Exercise aim: Count how many lines of the data include "status". The answer is that number and nothing else.

Data to process:
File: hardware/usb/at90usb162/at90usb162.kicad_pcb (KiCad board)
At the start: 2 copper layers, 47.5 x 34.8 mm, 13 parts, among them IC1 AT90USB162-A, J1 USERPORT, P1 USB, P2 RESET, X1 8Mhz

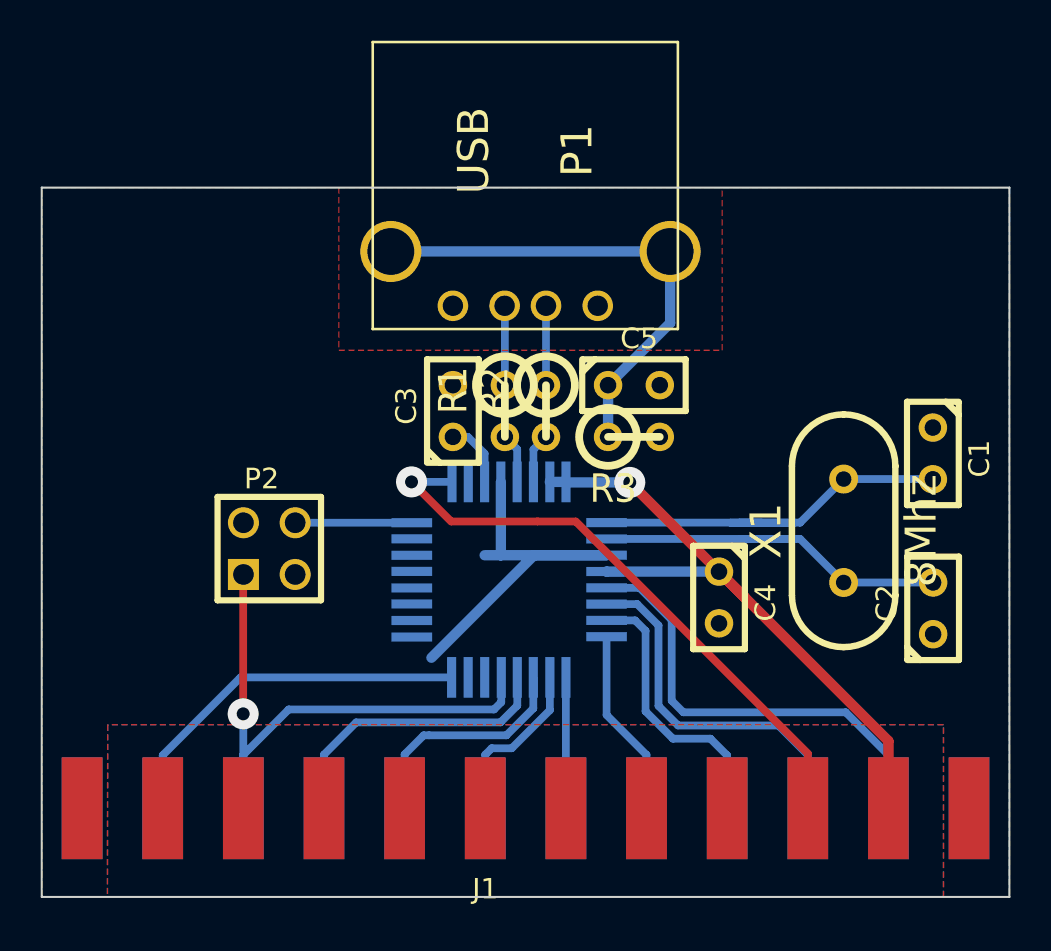
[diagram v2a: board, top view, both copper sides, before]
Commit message: Hardware: Enlarged board to increase stability of usb socket
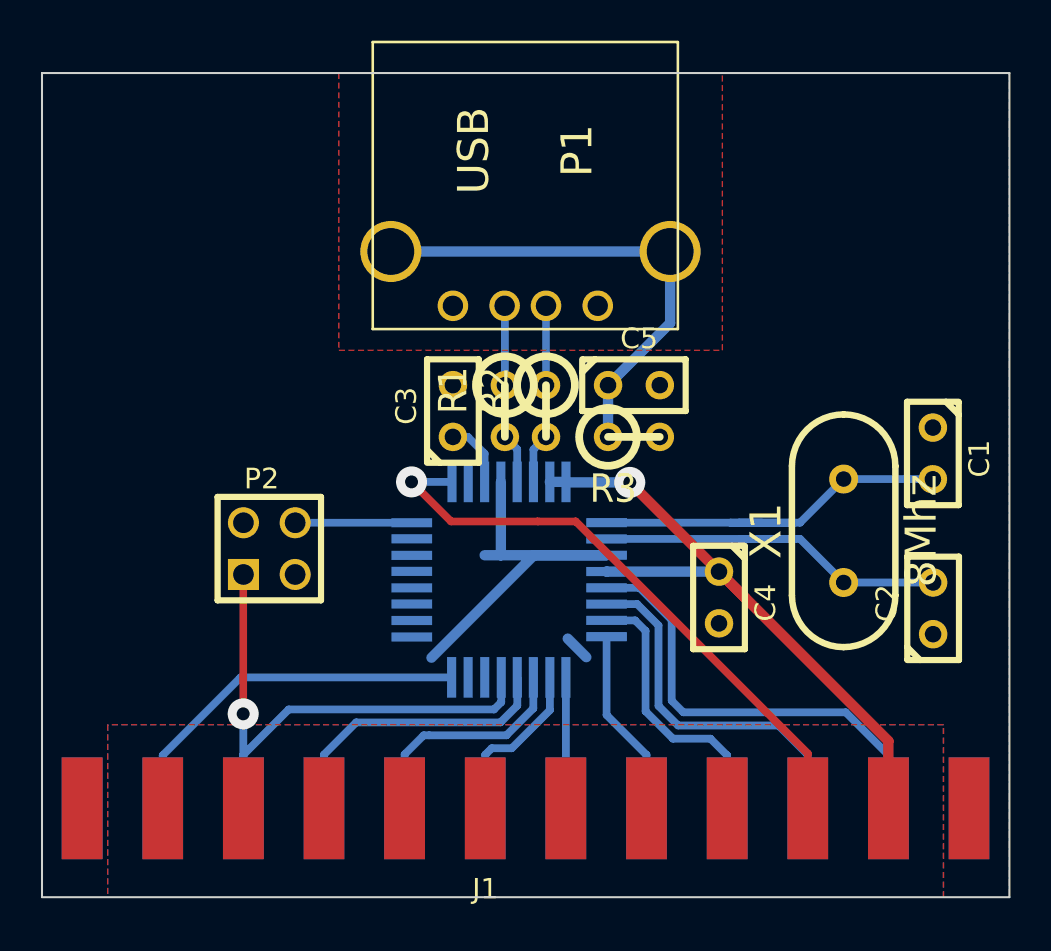
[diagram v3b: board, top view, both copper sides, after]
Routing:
- net GND: track 20.3 -> 21.6 mm
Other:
- board size 47.5 x 34.8 mm -> 47.5 x 40.5 mm
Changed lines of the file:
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@@
     (links 43)
     (no_connects 0)
-    (area 178.563599 114.211099 255.5738 165.6537)
+    (area 178.563599 112.752199 277.367 165.6537)
     (thickness 1.6)
-    (drawings 37)
-    (tracks 109)
+    (drawings 47)
+    (tracks 110)
     (zones 0)
     (modules 13)
@@
     (last_trace_width 0.381)
     (trace_clearance 0.254)
-    (zone_clearance 0.508)
+    (zone_clearance 0.381)
     (zone_45_only no)
     (trace_min 0.254)
@@
     )
   )
+  (dimension 40.4749 (width 0.3) (layer Dwgs.User)
+    (gr_text "40,475 mm" (at 270.717 136.29005 90) (layer Dwgs.User)
+      (effects (font (size 1.5 1.5) (thickness 0.3)))
+    )
+    (feature1 (pts (xy 234.1245 116.0526) (xy 272.067 116.0526)))
+    (feature2 (pts (xy 234.1245 156.5275) (xy 272.067 156.5275)))
+    (crossbar (pts (xy 269.367 156.5275) (xy 269.367 116.0526)))
+    (arrow1a (pts (xy 269.367 116.0526) (xy 269.95342 117.179103)))
+    (arrow1b (pts (xy 269.367 116.0526) (xy 268.78058 117.179103)))
+    (arrow2a (pts (xy 269.367 156.5275) (xy 269.95342 155.400997)))
+    (arrow2b (pts (xy 269.367 156.5275) (xy 268.78058 155.400997)))
+  )
+  (gr_line (start 234.1245 156.5275) (end 186.6138 156.5275) (angle 90) (layer Edge.Cuts) (width 0.1))
+  (gr_line (start 234.1245 116.0526) (end 234.1245 156.5275) (angle 90) (layer Edge.Cuts) (width 0.1))
+  (gr_line (start 186.6138 116.0526) (end 234.1245 116.0526) (angle 90) (layer Edge.Cuts) (width 0.1))
+  (gr_line (start 186.6138 156.5275) (end 186.6138 116.0526) (angle 90) (layer Edge.Cuts) (width 0.1))
+  (gr_line (start 230.886 156.5148) (end 230.886 148.0693) (angle 90) (layer Dwgs.User) (width 0.2))
+  (gr_line (start 189.8396 148.0058) (end 189.8269 148.0058) (angle 90) (layer Dwgs.User) (width 0.2))
+  (gr_line (start 189.8396 156.5021) (end 189.8396 148.0058) (angle 90) (layer Dwgs.User) (width 0.2))
+  (gr_line (start 244.0305 156.5148) (end 244.0305 156.5275) (angle 90) (layer Dwgs.User) (width 0.2))
+  (gr_line (start 186.6011 156.5148) (end 244.0305 156.5148) (angle 90) (layer Dwgs.User) (width 0.2))
+  (gr_line (start 234.1245 116.0399) (end 234.1372 116.0399) (angle 90) (layer Dwgs.User) (width 0.2))
+  (gr_line (start 234.1245 121.8692) (end 234.1245 116.0399) (angle 90) (layer Dwgs.User) (width 0.2))
+  (gr_line (start 237.1725 116.0526) (end 237.1725 115.9764) (angle 90) (layer Dwgs.User) (width 0.2))
+  (gr_line (start 186.5757 116.0526) (end 237.1725 116.0526) (angle 90) (layer Dwgs.User) (width 0.2))
+  (gr_line (start 186.6011 121.7803) (end 186.6011 114.0968) (angle 90) (layer Dwgs.User) (width 0.2))
+  (gr_line (start 220.0148 112.8903) (end 219.837 112.8903) (angle 90) (layer Dwgs.User) (width 0.2))
+  (gr_line (start 220.0148 129.6543) (end 220.0148 112.8903) (angle 90) (layer Dwgs.User) (width 0.2))
+  (gr_line (start 201.1934 112.8522) (end 201.2188 112.8522) (angle 90) (layer Dwgs.User) (width 0.2))
+  (gr_line (start 201.1934 124.8664) (end 201.1934 112.8522) (angle 90) (layer Dwgs.User) (width 0.2))
   (gr_line (start 222.1738 138.5316) (end 189.992 138.5316) (angle 90) (layer Dwgs.User) (width 0.2))
   (gr_line (start 196.4944 147.5105) (end 196.4944 141.9098) (angle 90) (layer Dwgs.User) (width 0.2))
   (gr_line (start 187.7949 132.6515) (end 187.7949 132.6261) (angle 90) (layer Dwgs.User) (width 0.2))
   (gr_line (start 224.0915 132.6515) (end 187.7949 132.6515) (angle 90) (layer Dwgs.User) (width 0.2))
-  (dimension 34.8361 (width 0.3) (layer Dwgs.User)
-    (gr_text "34,836 mm" (at 248.9238 139.09675 90) (layer Dwgs.User)
-      (effects (font (size 1.5 1.5) (thickness 0.3)))
-    )
-    (feature1 (pts (xy 234.1245 121.6787) (xy 250.2738 121.6787)))
-    (feature2 (pts (xy 234.1245 156.5148) (xy 250.2738 156.5148)))
-    (crossbar (pts (xy 247.5738 156.5148) (xy 247.5738 121.6787)))
-    (arrow1a (pts (xy 247.5738 121.6787) (xy 248.16022 122.805203)))
-    (arrow1b (pts (xy 247.5738 121.6787) (xy 246.98738 122.805203)))
-    (arrow2a (pts (xy 247.5738 156.5148) (xy 248.16022 155.388297)))
-    (arrow2b (pts (xy 247.5738 156.5148) (xy 246.98738 155.388297)))
-  )
   (dimension 47.5234 (width 0.3) (layer Dwgs.User)
     (gr_text "47,523 mm" (at 210.3628 164.303699) (layer Dwgs.User)
@@
   (gr_line (start 199.4535 129.667) (end 220.5863 129.667) (angle 90) (layer Dwgs.User) (width 0.2))
   (gr_line (start 201.1553 131.3688) (end 201.1299 131.3688) (angle 90) (layer Dwgs.User) (width 0.2))
-  (gr_line (start 234.1245 156.5148) (end 186.6011 156.5148) (angle 90) (layer Edge.Cuts) (width 0.1))
-  (gr_line (start 234.1245 121.6787) (end 234.1245 156.5148) (angle 90) (layer Edge.Cuts) (width 0.1))
-  (gr_line (start 186.6011 121.6787) (end 234.1245 121.6787) (angle 90) (layer Edge.Cuts) (width 0.1))
-  (gr_line (start 186.6011 156.5148) (end 186.6011 121.6787) (angle 90) (layer Edge.Cuts) (width 0.1))
   (gr_line (start 234.1245 154.6606) (end 234.1245 121.3358) (angle 90) (layer Dwgs.User) (width 0.2))
   (gr_line (start 244.7544 121.6787) (end 244.7544 121.6914) (angle 90) (layer Dwgs.User) (width 0.2))
   (gr_line (start 210.2612 121.6787) (end 244.7544 121.6787) (angle 90) (layer Dwgs.User) (width 0.2))
   (gr_line (start 210.2358 121.6787) (end 178.6636 121.6787) (angle 90) (layer Dwgs.User) (width 0.2))
-  (target plus (at 234.1245 156.5148) (size 0.005) (width 0.1) (layer Edge.Cuts))
-  (target plus (at 234.1245 154.6606) (size 0.005) (width 0.1) (layer Edge.Cuts))
-  (target plus (at 186.6011 156.5148) (size 0.005) (width 0.1) (layer Edge.Cuts))
-  (target plus (at 186.6011 154.6733) (size 0.005) (width 0.1) (layer Edge.Cuts))
   (gr_line (start 228.4603 142.3416) (end 228.4603 125.8951) (angle 90) (layer Dwgs.User) (width 0.2))
   (gr_line (start 213.3981 138.5316) (end 230.6066 138.5316) (angle 90) (layer Dwgs.User) (width 0.2))
@@
   (segment (start 217.5383 142.9131) (end 217.5383 146.875498) (width 0.381) (layer B.Cu) (net 15))
   (segment (start 215.95842 141.33322) (end 217.5383 142.9131) (width 0.381) (layer B.Cu) (net 15))
+  (segment (start 213.3473 144.7419) (end 212.4329 143.8275) (width 0.508) (layer B.Cu) (net 16))
   (segment (start 214.34044 139.73302) (end 210.77428 139.73302) (width 0.508) (layer B.Cu) (net 16))
   (segment (start 210.77428 139.73302) (end 205.74 144.7673) (width 0.508) (layer B.Cu) (net 16))
@@
   (segment (start 228.1816 148.8574) (end 221.15145 141.82725) (width 0.508) (layer F.Cu) (net 22))
   (segment (start 221.15145 141.82725) (end 219.8624 140.5382) (width 0.508) (layer F.Cu) (net 22))
-  (zone (net 16) (net_name GND) (layer B.Cu) (hatch edge 0.508)
-    (connect_pads yes (clearance 0.508))
-    (min_thickness 0.254)
-    (fill (arc_segments 32) (thermal_gap 0.508) (thermal_bridge_width 0.508) (smoothing fillet))
+  (zone (net 16) (net_name GND) (layer F.Cu) (hatch edge 0.508)
+    (connect_pads thru_hole_only (clearance 0.381))
+    (min_thickness 0.0254)
+    (fill (arc_segments 32) (thermal_gap 0.508) (thermal_bridge_width 0.508) (smoothing chamfer))
     (polygon
       (pts
-        (xy 234.1245 121.6914) (xy 234.1118 156.5021) (xy 230.886 156.5021) (xy 230.886 148.0566) (xy 189.8396 148.0566)
-        (xy 189.8269 156.5148) (xy 186.6011 156.5148) (xy 186.6011 121.6787)
+        (xy 234.1245 156.5275) (xy 230.886 156.5275) (xy 230.886 148.0566) (xy 189.8396 148.0566) (xy 189.8396 156.5275)
+        (xy 186.6138 156.5275) (xy 186.6138 116.0526) (xy 201.1934 116.0526) (xy 201.1934 129.667) (xy 220.0275 129.667)
+        (xy 220.0275 116.0526) (xy 234.1245 116.0653)
       )
     )
   )
-  (zone (net 16) (net_name GND) (layer F.Cu) (hatch edge 0.508)
-    (connect_pads yes (clearance 0.508))
-    (min_thickness 0.254)
-    (fill (arc_segments 32) (thermal_gap 0.508) (thermal_bridge_width 0.508) (smoothing fillet))
+  (zone (net 16) (net_name GND) (layer B.Cu) (hatch edge 0.508)
+    (connect_pads thru_hole_only (clearance 0.381))
+    (min_thickness 0.0254)
+    (fill (arc_segments 32) (thermal_gap 0.508) (thermal_bridge_width 0.508) (smoothing chamfer))
     (polygon
       (pts
-        (xy 234.1245 156.5148) (xy 230.886 156.5148) (xy 230.886 148.0566) (xy 189.8396 148.0566) (xy 189.8269 156.5148)
-        (xy 186.6011 156.5148) (xy 186.6011 121.6787) (xy 201.1934 121.6787) (xy 201.1934 129.667) (xy 220.0148 129.667)
-        (xy 220.0148 121.6787) (xy 234.1245 121.6787)
+        (xy 186.6138 156.5275) (xy 186.6138 116.0526) (xy 234.1245 116.0653) (xy 234.1245 156.5275) (xy 230.886 156.5275)
+        (xy 230.886 148.0566) (xy 189.8396 148.0566) (xy 189.8396 156.5275)
       )
     )

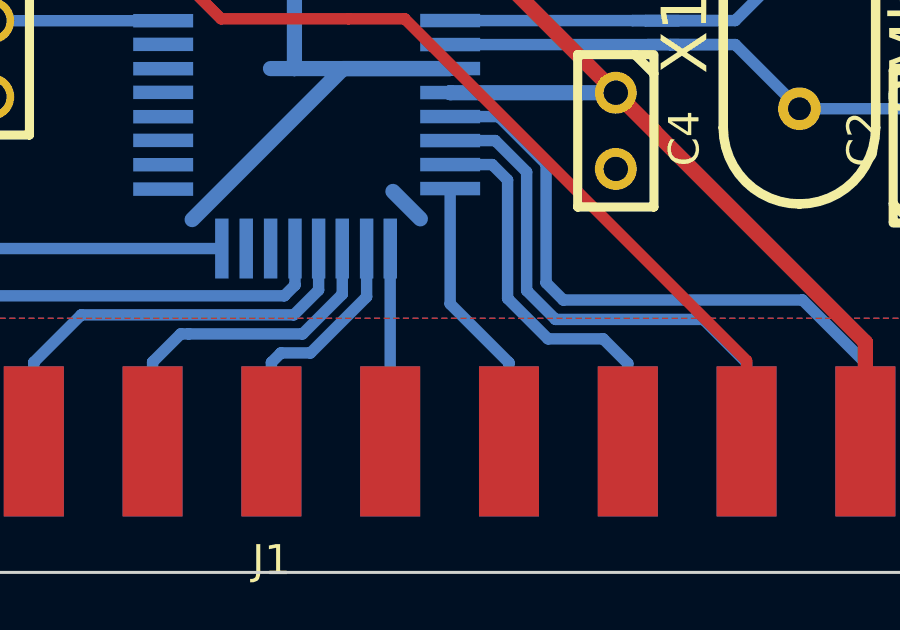
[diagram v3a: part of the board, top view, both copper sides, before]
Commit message: Hardware: Removed copper island, improved routing
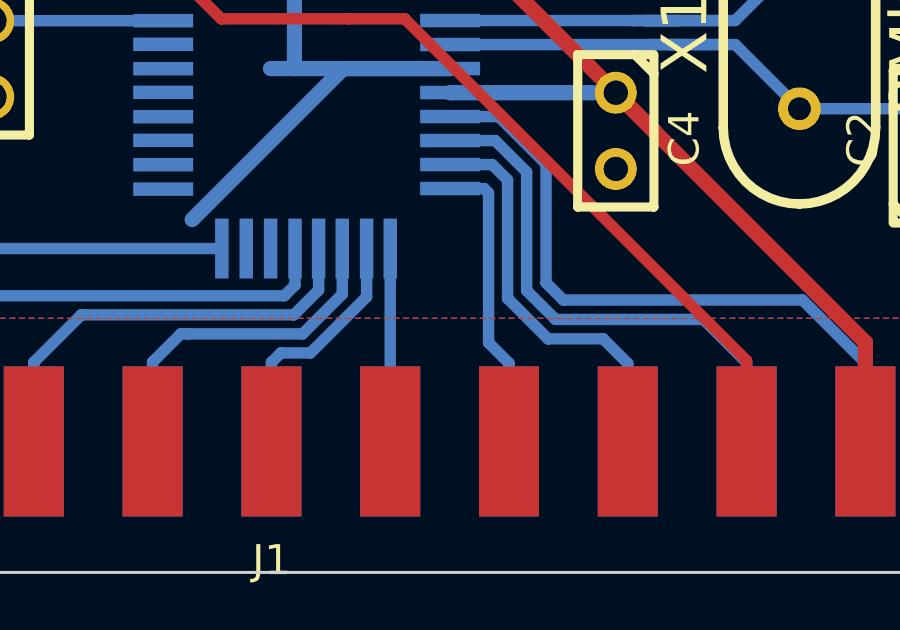
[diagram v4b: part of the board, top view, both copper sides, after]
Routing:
- net GND: track 21.6 -> 20.3 mm
- net /D2: track 9.24 -> 9.91 mm
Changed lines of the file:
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@@
     (thickness 1.6)
     (drawings 47)
-    (tracks 110)
+    (tracks 111)
     (zones 0)
     (modules 13)
@@
   (segment (start 216.2556 147.3962) (end 217.6018 148.7424) (width 0.381) (layer B.Cu) (net 6))
   (segment (start 217.6018 148.7424) (end 219.4433 148.7424) (width 0.381) (layer B.Cu) (net 6))
-  (segment (start 214.34044 143.73352) (end 214.34044 147.57654) (width 0.381) (layer B.Cu) (net 7))
-  (segment (start 216.3016 149.5377) (end 216.3016 152.1611) (width 0.381) (layer B.Cu) (net 7))
-  (segment (start 214.34044 147.57654) (end 216.3016 149.5377) (width 0.381) (layer B.Cu) (net 7))
+  (segment (start 216.3016 152.1611) (end 216.3016 149.5504) (width 0.381) (layer B.Cu) (net 7) (status 400000))
+  (segment (start 215.47582 143.73352) (end 214.34044 143.73352) (width 0.381) (layer B.Cu) (net 7) (status 800000))
+  (segment (start 215.620598 143.878298) (end 215.47582 143.73352) (width 0.381) (layer B.Cu) (net 7))
+  (segment (start 215.620598 148.869398) (end 215.620598 143.878298) (width 0.381) (layer B.Cu) (net 7))
+  (segment (start 216.3016 149.5504) (end 215.620598 148.869398) (width 0.381) (layer B.Cu) (net 7))
   (segment (start 212.3416 152.1611) (end 212.3416 145.7349) (width 0.381) (layer B.Cu) (net 8))
   (segment (start 212.3416 145.7349) (end 212.344 145.7325) (width 0.381) (layer B.Cu) (net 8))
@@
   (segment (start 217.5383 142.9131) (end 217.5383 146.875498) (width 0.381) (layer B.Cu) (net 15))
   (segment (start 215.95842 141.33322) (end 217.5383 142.9131) (width 0.381) (layer B.Cu) (net 15))
-  (segment (start 213.3473 144.7419) (end 212.4329 143.8275) (width 0.508) (layer B.Cu) (net 16))
   (segment (start 214.34044 139.73302) (end 210.77428 139.73302) (width 0.508) (layer B.Cu) (net 16))
   (segment (start 210.77428 139.73302) (end 205.74 144.7673) (width 0.508) (layer B.Cu) (net 16))

Exercise response: 2